Dataflow Visualiser separates interface rendering from systems computation using a secure, low-latency IPC architecture.
graph TD
UserDir[User Selects Repository] -->|Path Sent| IPC[Tauri IPC Bridge]
IPC -->|Executes Command| RustBackend[Rust System Core]
RustBackend -->|Crawls Workspace| FileWalker[Rayon File Crawler]
FileWalker -->|Dispatches Files| Parsers{AST Parsers}
Parsers -->|JS/TS| OXC[oxc-parser]
Parsers -->|Other Langs| TreeSitter[tree-sitter]
OXC & TreeSitter -->|Generate Node & Edge Lists| CoreBuilder[Graph Builder]
CoreBuilder -->|Serialization| IPC
IPC -->|Zustand Hydration| ReactApp[React Frontend Canvas]
sequenceDiagram
participant User as React Frontend
participant Rust as Rust Backend
participant AI as AI API (Local/Cloud)
User->>Rust: Request Refactor (Target File + Instructions)
Rust->>Rust: Resolve Blast Radius (Find dependent files)
Rust->>Rust: Load file contents & construct prompt context
Rust->>AI: Send prompt payload
AI-->>Rust: Return rewritten code edits (JSON)
Rust->>User: Send diff structure to Monaco Diff Viewer
User->>Rust: Confirm change edits
Rust->>Rust: Write modifications to workspace disk safely
For more details, see the Architecture Document.
Dataflow Visualiser avoids slow regular expression string scans.

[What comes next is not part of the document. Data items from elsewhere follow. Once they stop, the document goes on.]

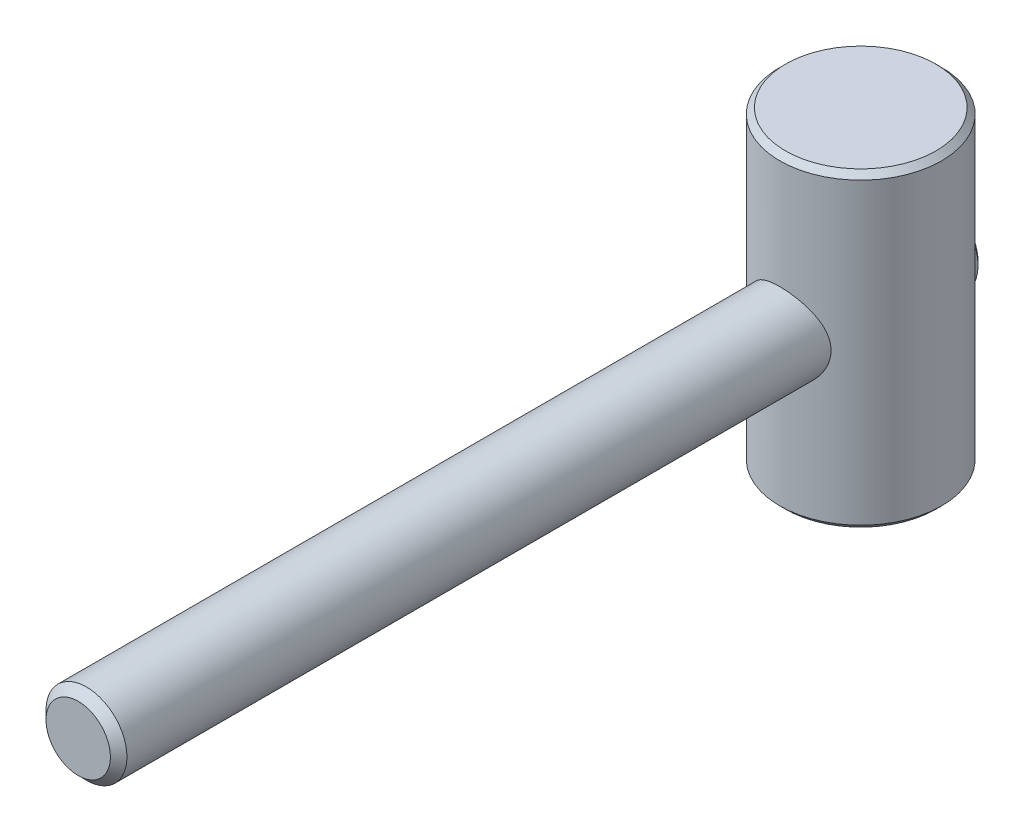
ISO-10303-21;
HEADER;
FILE_DESCRIPTION(('STEP AP214'),'2;1');
FILE_NAME('part.step','',(''),(''),'','','');
FILE_SCHEMA(('AUTOMOTIVE_DESIGN { 1 0 10303 214 1 1 1 1 }'));
ENDSEC;
DATA;
#1=APPLICATION_CONTEXT('core data for automotive mechanical design processes');
#2=APPLICATION_PROTOCOL_DEFINITION('international standard','automotive_design',2000,#1);
#3=PRODUCT_CONTEXT('',#1,'mechanical');
#4=PRODUCT('Part','Part','',(#3));
#5=PRODUCT_RELATED_PRODUCT_CATEGORY('part','',(#4));
#6=PRODUCT_DEFINITION_FORMATION('','',#4);
#7=PRODUCT_DEFINITION_CONTEXT('part definition',#1,'design');
#8=PRODUCT_DEFINITION('design','',#6,#7);
#9=PRODUCT_DEFINITION_SHAPE('','',#8);
#10=(LENGTH_UNIT() NAMED_UNIT(*) SI_UNIT(.MILLI.,.METRE.));
#11=(NAMED_UNIT(*) PLANE_ANGLE_UNIT() SI_UNIT($,.RADIAN.));
#12=(NAMED_UNIT(*) SI_UNIT($,.STERADIAN.) SOLID_ANGLE_UNIT());
#13=UNCERTAINTY_MEASURE_WITH_UNIT(LENGTH_MEASURE(1.E-05),#10,'distance_accuracy_value','');
#14=(GEOMETRIC_REPRESENTATION_CONTEXT(3) GLOBAL_UNCERTAINTY_ASSIGNED_CONTEXT((#13)) GLOBAL_UNIT_ASSIGNED_CONTEXT((#10,
#11,#12)) REPRESENTATION_CONTEXT('',''));
#15=CARTESIAN_POINT('',(0.,0.,0.));
#16=DIRECTION('',(0.,0.,1.));
#17=DIRECTION('',(1.,0.,0.));
#18=AXIS2_PLACEMENT_3D('',#15,#16,#17);
#19=CARTESIAN_POINT('',(0.,0.,-5.));
#20=DIRECTION('',(0.,0.,1.));
#21=DIRECTION('',(1.,0.,0.));
#22=AXIS2_PLACEMENT_3D('',#19,#20,#21);
#23=CYLINDRICAL_SURFACE('',#22,1.5);
#24=CARTESIAN_POINT('',(-0.947331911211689,1.16299709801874,-11.8465));
#25=CARTESIAN_POINT('',(-1.01351143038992,1.10908406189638,-11.8245053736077));
#26=CARTESIAN_POINT('',(-1.07489527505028,1.04969000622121,-11.801479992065));
#27=CARTESIAN_POINT('',(-1.18710041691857,0.920938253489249,-11.7558012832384));
#28=CARTESIAN_POINT('',(-1.2378650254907,0.851530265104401,-11.7331505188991));
#29=CARTESIAN_POINT('',(-1.32722551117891,0.704204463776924,-11.6908987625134));
#30=CARTESIAN_POINT('',(-1.36579908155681,0.626271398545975,-11.6713033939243));
#31=CARTESIAN_POINT('',(-1.42909401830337,0.46394540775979,-11.6379877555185));
#32=CARTESIAN_POINT('',(-1.45385048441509,0.379569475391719,-11.6242526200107));
#33=CARTESIAN_POINT('',(-1.48697739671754,0.213368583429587,-11.6056166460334));
#34=CARTESIAN_POINT('',(-1.49644089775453,0.131829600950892,-11.6001287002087));
#35=CARTESIAN_POINT('',(-1.5018928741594,-0.0318566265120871,-11.5969853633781));
#36=CARTESIAN_POINT('',(-1.49788424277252,-0.114003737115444,-11.5993282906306));
#37=CARTESIAN_POINT('',(-1.47773438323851,-0.267779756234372,-11.6108251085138));
#38=CARTESIAN_POINT('',(-1.4628558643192,-0.339634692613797,-11.6192692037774));
#39=CARTESIAN_POINT('',(-1.42308110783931,-0.479735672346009,-11.6410889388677));
#40=CARTESIAN_POINT('',(-1.39818007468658,-0.547979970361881,-11.6544669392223));
#41=CARTESIAN_POINT('',(-1.33746138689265,-0.683395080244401,-11.6855957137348));
#42=CARTESIAN_POINT('',(-1.30108662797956,-0.750265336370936,-11.7035578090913));
#43=CARTESIAN_POINT('',(-1.21901847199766,-0.877331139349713,-11.7415381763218));
#44=CARTESIAN_POINT('',(-1.17332890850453,-0.93752941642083,-11.7615556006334));
#45=CARTESIAN_POINT('',(-1.09644538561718,-1.02443697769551,-11.7926076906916));
#46=CARTESIAN_POINT('',(-1.06820925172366,-1.05384666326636,-11.8035531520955));
#47=CARTESIAN_POINT('',(-1.00945808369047,-1.11024632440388,-11.825238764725));
#48=CARTESIAN_POINT('',(-0.978947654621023,-1.13724095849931,-11.8359792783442));
#49=CARTESIAN_POINT('',(-0.947331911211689,-1.16299709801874,-11.8465));
#50=B_SPLINE_CURVE_WITH_KNOTS('',3,(#24,#25,#26,#27,#28,#29,#30,#31,#32,#33,#34,#35,#36,#37,#38,
#39,#40,#41,#42,#43,#44,#45,#46,#47,#48,#49),.UNSPECIFIED.,.F.,.F.,(4,2,2,2,2,2,2,2,2,2,2,2,4),
(0.,0.264174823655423,0.52972579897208,0.795759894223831,1.06111506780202,1.30649824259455,
1.55182872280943,1.77244859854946,1.99317416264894,2.22691434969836,2.46055853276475,
2.58708455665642,2.71336100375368),.UNSPECIFIED.);
#51=CARTESIAN_POINT('',(-0.947331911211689,1.16299709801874,-11.8465));
#52=VERTEX_POINT('',#51);
#53=CARTESIAN_POINT('',(-0.947331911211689,-1.16299709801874,-11.8465));
#54=VERTEX_POINT('',#53);
#55=EDGE_CURVE('E271',#52,#54,#50,.T.);
#56=ORIENTED_EDGE('',*,*,#55,.F.);
#57=CARTESIAN_POINT('',(0.,0.,-11.8465));
#58=DIRECTION('',(0.,0.,1.));
#59=DIRECTION('',(1.,0.,0.));
#60=AXIS2_PLACEMENT_3D('',#57,#58,#59);
#61=CIRCLE('',#60,1.5);
#62=EDGE_CURVE('E308',#52,#54,#61,.T.);
#63=ORIENTED_EDGE('',*,*,#62,.T.);
#64=EDGE_LOOP('',(#56,#63));
#65=FACE_BOUND('',#64,.T.);
#66=ADVANCED_FACE('F14',(#65),#23,.T.);
#67=CARTESIAN_POINT('',(0.,0.,-12.));
#68=DIRECTION('',(0.,0.,1.));
#69=DIRECTION('',(1.,0.,0.));
#70=AXIS2_PLACEMENT_3D('',#67,#68,#69);
#71=PLANE('',#70);
#72=DIRECTION('',(0.,-1.,0.));
#73=VECTOR('',#72,1.);
#74=CARTESIAN_POINT('',(0.3,0.,-12.));
#75=LINE('',#74,#73);
#76=CARTESIAN_POINT('',(0.3,1.31265465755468,-12.));
#77=VERTEX_POINT('',#76);
#78=CARTESIAN_POINT('',(0.3,-1.31265465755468,-12.));
#79=VERTEX_POINT('',#78);
#80=EDGE_CURVE('E36',#77,#79,#75,.T.);
#81=ORIENTED_EDGE('',*,*,#80,.F.);
#82=CARTESIAN_POINT('',(0.,0.,-12.));
#83=DIRECTION('',(0.,0.,1.));
#84=DIRECTION('',(1.,0.,0.));
#85=AXIS2_PLACEMENT_3D('',#82,#83,#84);
#86=CIRCLE('',#85,1.3465);
#87=EDGE_CURVE('E305',#79,#77,#86,.T.);
#88=ORIENTED_EDGE('',*,*,#87,.F.);
#89=EDGE_LOOP('',(#81,#88));
#90=FACE_BOUND('',#89,.T.);
#91=ADVANCED_FACE('F231',(#90),#71,.F.);
#92=CARTESIAN_POINT('',(0.,0.,-12.));
#93=DIRECTION('',(0.,0.,1.));
#94=DIRECTION('',(1.,0.,0.));
#95=AXIS2_PLACEMENT_3D('',#92,#93,#94);
#96=CONICAL_SURFACE('',#95,1.3465,0.785398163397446);
#97=CARTESIAN_POINT('',(0.992835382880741,1.14506318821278,-11.83095));
#98=CARTESIAN_POINT('',(0.929590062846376,1.17057691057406,-11.8531359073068));
#99=CARTESIAN_POINT('',(0.864893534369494,1.19430901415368,-11.8734384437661));
#100=CARTESIAN_POINT('',(0.733580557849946,1.23716783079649,-11.9097164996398));
#101=CARTESIAN_POINT('',(0.666989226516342,1.25633751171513,-11.9257325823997));
#102=CARTESIAN_POINT('',(0.531496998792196,1.28959120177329,-11.9533515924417));
#103=CARTESIAN_POINT('',(0.462592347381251,1.30366645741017,-11.9649469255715));
#104=CARTESIAN_POINT('',(0.322550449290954,1.32622709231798,-11.9834605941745));
#105=CARTESIAN_POINT('',(0.251397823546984,1.33465555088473,-11.9903313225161));
#106=CARTESIAN_POINT('',(0.1798,1.33988292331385,-11.994607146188));
#107=B_SPLINE_CURVE_WITH_KNOTS('',3,(#97,#98,#99,#100,#101,#102,#103,#104,#105,#106),
.UNSPECIFIED.,.F.,.F.,(4,2,2,2,4),(0.,0.215180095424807,0.428245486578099,0.641675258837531,
0.857225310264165),.UNSPECIFIED.);
#108=CARTESIAN_POINT('',(0.947331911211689,1.16299709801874,-11.8465));
#109=VERTEX_POINT('',#108);
#110=CARTESIAN_POINT('',(0.674247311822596,1.25340780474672,-11.92325));
#111=VERTEX_POINT('',#110);
#112=EDGE_CURVE('E108',#109,#111,#107,.T.);
#113=ORIENTED_EDGE('',*,*,#112,.F.);
#114=CARTESIAN_POINT('',(0.947331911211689,-1.16299709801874,-11.8465));
#115=VERTEX_POINT('',#114);
#116=EDGE_CURVE('E309',#115,#109,#61,.T.);
#117=ORIENTED_EDGE('',*,*,#116,.F.);
#118=CARTESIAN_POINT('',(0.1798,-1.33988292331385,-11.994607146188));
#119=CARTESIAN_POINT('',(0.236038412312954,-1.335761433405,-11.9912402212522));
#120=CARTESIAN_POINT('',(0.292017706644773,-1.3296804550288,-11.9862800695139));
#121=CARTESIAN_POINT('',(0.40306300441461,-1.31386344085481,-11.9733225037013));
#122=CARTESIAN_POINT('',(0.458129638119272,-1.30413004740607,-11.9653272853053));
#123=CARTESIAN_POINT('',(0.566267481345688,-1.28142693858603,-11.9465768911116));
#124=CARTESIAN_POINT('',(0.619355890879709,-1.26850488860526,-11.9358623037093));
#125=CARTESIAN_POINT('',(0.724099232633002,-1.23969917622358,-11.9117977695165));
#126=CARTESIAN_POINT('',(0.775754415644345,-1.22381603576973,-11.8984482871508));
#127=CARTESIAN_POINT('',(0.854754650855,-1.1971455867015,-11.8758046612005));
#128=CARTESIAN_POINT('',(0.882653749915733,-1.18725045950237,-11.8673620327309));
#129=CARTESIAN_POINT('',(0.938066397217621,-1.16670181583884,-11.8497157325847));
#130=CARTESIAN_POINT('',(0.965577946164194,-1.15604541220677,-11.8405091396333));
#131=CARTESIAN_POINT('',(0.992835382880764,-1.14506318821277,-11.83095));
#132=B_SPLINE_CURVE_WITH_KNOTS('',3,(#118,#119,#120,#121,#122,#123,#124,#125,#126,#127,#128,
#129,#130,#131),.UNSPECIFIED.,.F.,.F.,(4,2,2,2,2,2,4),(0.,0.169384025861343,0.338645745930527,
0.505516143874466,0.672357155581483,0.764685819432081,0.857385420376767),.UNSPECIFIED.);
#133=CARTESIAN_POINT('',(0.674247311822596,-1.25340780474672,-11.92325));
#134=VERTEX_POINT('',#133);
#135=EDGE_CURVE('E114',#134,#115,#132,.T.);
#136=ORIENTED_EDGE('',*,*,#135,.F.);
#137=CARTESIAN_POINT('',(0.,0.,-11.92325));
#138=DIRECTION('',(0.,0.,-1.));
#139=DIRECTION('',(-1.,0.,0.));
#140=AXIS2_PLACEMENT_3D('',#137,#138,#139);
#141=CIRCLE('',#140,1.42325);
#142=CARTESIAN_POINT('',(0.3,-1.39127300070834,-11.92325));
#143=VERTEX_POINT('',#142);
#144=EDGE_CURVE('E194',#134,#143,#141,.T.);
#145=ORIENTED_EDGE('',*,*,#144,.T.);
#146=CARTESIAN_POINT('',(0.3,1.4704082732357,-11.8458));
#147=CARTESIAN_POINT('',(0.3,1.43432199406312,-11.881156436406));
#148=CARTESIAN_POINT('',(0.3,1.39821111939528,-11.9164877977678));
#149=CARTESIAN_POINT('',(0.3,1.32586601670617,-11.9871401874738));
#150=CARTESIAN_POINT('',(0.3,1.28963168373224,-12.0224611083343));
#151=CARTESIAN_POINT('',(0.3,1.21609681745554,-12.0939762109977));
#152=CARTESIAN_POINT('',(0.3,1.17879403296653,-12.1301680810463));
#153=CARTESIAN_POINT('',(0.3,1.10413383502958,-12.2023744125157));
#154=CARTESIAN_POINT('',(0.3,1.06677660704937,-12.2383890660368));
#155=CARTESIAN_POINT('',(0.3,0.959421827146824,-12.3414650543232));
#156=CARTESIAN_POINT('',(0.3,0.88924153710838,-12.4083374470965));
#157=CARTESIAN_POINT('',(0.3,0.782999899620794,-12.5080826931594));
#158=CARTESIAN_POINT('',(0.3,0.7473051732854,-12.5413456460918));
#159=CARTESIAN_POINT('',(0.3,0.67557200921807,-12.6074459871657));
#160=CARTESIAN_POINT('',(0.3,0.639533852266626,-12.6402836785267));
#161=CARTESIAN_POINT('',(0.3,0.567825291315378,-12.7044893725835));
#162=CARTESIAN_POINT('',(0.3,0.532169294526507,-12.7358734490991));
#163=CARTESIAN_POINT('',(0.3,0.459887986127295,-12.7977398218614));
#164=CARTESIAN_POINT('',(0.3,0.423260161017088,-12.8282192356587));
#165=CARTESIAN_POINT('',(0.3,0.367400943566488,-12.8723076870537));
#166=CARTESIAN_POINT('',(0.3,0.348748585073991,-12.8866467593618));
#167=CARTESIAN_POINT('',(0.3,0.310930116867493,-12.9146268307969));
#168=CARTESIAN_POINT('',(0.3,0.291764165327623,-12.9282680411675));
#169=CARTESIAN_POINT('',(0.3,0.252814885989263,-12.9544441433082));
#170=CARTESIAN_POINT('',(0.3,0.233034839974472,-12.9669838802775));
#171=CARTESIAN_POINT('',(0.3,0.192530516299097,-12.990417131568));
#172=CARTESIAN_POINT('',(0.3,0.171808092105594,-13.0013137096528));
#173=CARTESIAN_POINT('',(0.3,0.145940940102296,-13.0129096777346));
#174=CARTESIAN_POINT('',(0.3,0.141366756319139,-13.0148871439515));
#175=CARTESIAN_POINT('',(0.3,0.132159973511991,-13.0187064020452));
#176=CARTESIAN_POINT('',(0.3,0.127527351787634,-13.0205481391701));
#177=CARTESIAN_POINT('',(0.3,0.113544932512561,-13.0258474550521));
#178=CARTESIAN_POINT('',(0.3,0.104108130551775,-13.0290802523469));
#179=CARTESIAN_POINT('',(0.3,0.0851689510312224,-13.0347728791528));
#180=CARTESIAN_POINT('',(0.3,0.0756701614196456,-13.0372444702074));
#181=CARTESIAN_POINT('',(0.3,0.0564948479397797,-13.0413716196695));
#182=CARTESIAN_POINT('',(0.3,0.0468182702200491,-13.0430269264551));
#183=CARTESIAN_POINT('',(0.3,0.0172377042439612,-13.0466422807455));
#184=CARTESIAN_POINT('',(0.3,-0.00287379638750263,-13.047140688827));
#185=CARTESIAN_POINT('',(0.3,-0.0428030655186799,-13.0441231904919));
#186=CARTESIAN_POINT('',(0.3,-0.0626200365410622,-13.0405978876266));
#187=CARTESIAN_POINT('',(0.3,-0.108260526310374,-13.0285808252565));
#188=CARTESIAN_POINT('',(0.3,-0.133719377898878,-13.0187703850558));
#189=CARTESIAN_POINT('',(0.3,-0.17070809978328,-13.0015048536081));
#190=CARTESIAN_POINT('',(0.3,-0.182880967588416,-12.9952966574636));
#191=CARTESIAN_POINT('',(0.3,-0.206871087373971,-12.9822268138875));
#192=CARTESIAN_POINT('',(0.3,-0.218688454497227,-12.9753653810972));
#193=CARTESIAN_POINT('',(0.3,-0.256757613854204,-12.9521887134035));
#194=CARTESIAN_POINT('',(0.3,-0.282394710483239,-12.9348757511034));
#195=CARTESIAN_POINT('',(0.3,-0.332686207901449,-12.8988661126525));
#196=CARTESIAN_POINT('',(0.3,-0.357339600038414,-12.8801680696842));
#197=CARTESIAN_POINT('',(0.3,-0.406041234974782,-12.8418786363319));
#198=CARTESIAN_POINT('',(0.3,-0.43008777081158,-12.8222850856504));
#199=CARTESIAN_POINT('',(0.3,-0.477720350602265,-12.7825441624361));
#200=CARTESIAN_POINT('',(0.3,-0.501306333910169,-12.762396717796));
#201=CARTESIAN_POINT('',(0.3,-0.571740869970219,-12.7012598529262));
#202=CARTESIAN_POINT('',(0.3,-0.618101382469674,-12.6597098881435));
#203=CARTESIAN_POINT('',(0.3,-0.710039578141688,-12.5759094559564));
#204=CARTESIAN_POINT('',(0.3,-0.755618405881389,-12.5336602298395));
#205=CARTESIAN_POINT('',(0.3,-0.857897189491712,-12.4378825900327));
#206=CARTESIAN_POINT('',(0.3,-0.914473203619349,-12.3842219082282));
#207=CARTESIAN_POINT('',(0.3,-1.02726219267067,-12.2764551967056));
#208=CARTESIAN_POINT('',(0.3,-1.08347493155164,-12.2223489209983));
#209=CARTESIAN_POINT('',(0.3,-1.19491746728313,-12.1145797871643));
#210=CARTESIAN_POINT('',(0.3,-1.25015053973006,-12.0609203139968));
#211=CARTESIAN_POINT('',(0.3,-1.36040840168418,-11.9534572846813));
#212=CARTESIAN_POINT('',(0.3,-1.41543330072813,-11.8996538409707));
#213=CARTESIAN_POINT('',(0.3,-1.4704082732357,-11.8458));
#214=B_SPLINE_CURVE_WITH_KNOTS('',3,(#146,#147,#148,#149,#150,#151,#152,#153,#154,#155,#156,
#157,#158,#159,#160,#161,#162,#163,#164,#165,#166,#167,#168,#169,#170,#171,#172,#173,#174,#175,
#176,#177,#178,#179,#180,#181,#182,#183,#184,#185,#186,#187,#188,#189,#190,#191,#192,#193,#194,
#195,#196,#197,#198,#199,#200,#201,#202,#203,#204,#205,#206,#207,#208,#209,#210,#211,#212,#213),
.UNSPECIFIED.,.F.,.F.,(4,2,2,2,2,2,2,2,2,2,2,2,2,2,2,2,2,2,2,2,2,2,2,2,2,2,2,2,2,2,2,2,2,4),(0.,
0.151560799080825,0.303364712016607,0.459287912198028,0.614959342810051,0.905769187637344,
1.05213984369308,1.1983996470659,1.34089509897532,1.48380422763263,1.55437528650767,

Instead, it parses source files into Abstract Syntax Trees:
- JavaScript/TypeScript: Utilizing the oxc-parser package to extract AST signatures in Rust, mapping import paths and structural exports.
- Other Languages: Leverages tree-sitter grammars to map dependencies across Rust, Python, Go, Java, C#, and Dart structures.
Resolves paths like @/components/Button by reading tsconfig.json configurations (see alias.rs). The engine flattens barrel files to map dependencies directly, preventing canvas clutter.
Blast radius metrics are computed via a Depth-First Search (DFS) on the reversed dependency graph, calculating hop distances to classify node risks.
The following benchmarks show performance metrics recorded across varying codebase sizes:
| Repository | Files Count | Lines of Code | Indexing Time | Peak Memory | Cache Reads |
|---|---|---|---|---|---|
| react-hooks-library | ~120 | ~15,000 | 0.08 seconds | 42 MB | Yes |
| vite-app-boilerplate | ~450 | ~62,000 | 0.31 seconds | 78 MB | Yes |
| vscode-sandbox-mode | ~12,400 | ~1,850,000 | 4.22 seconds | 310 MB | Yes |
Benchmarks evaluated on an Apple M3 Max (16-core configuration, 32GB RAM).
- Local-First Parsing: Source files are parsed locally on your machine.
- Opt-In AI Prompts: Only code selected for Q&A or refactoring is sent to the configured AI API.
- Local LLM Integration: Supports Ollama and LMStudio OpenAI-compatible endpoints to keep data offline.
- Path Validation: All backend file write commands validate paths against the active workspace boundary.
- Phase 1: Semantic Search integration, Multi-repository support, Live Git visualizers.
- Phase 2: Collaborative review sessions, automated markdown documentation generation.
- Phase 3: CI/CD check integrations, LSP diagnostics, real-time file updates.
See Roadmap for future feature details.
We welcome developer contributions! To get started:
- Read our Contributing Guide for build requirements.
- Set up your local environment (Node.js + Rust).
- Open a Pull Request with your feature changes.
Distributed under the MIT License. See LICENSE for details.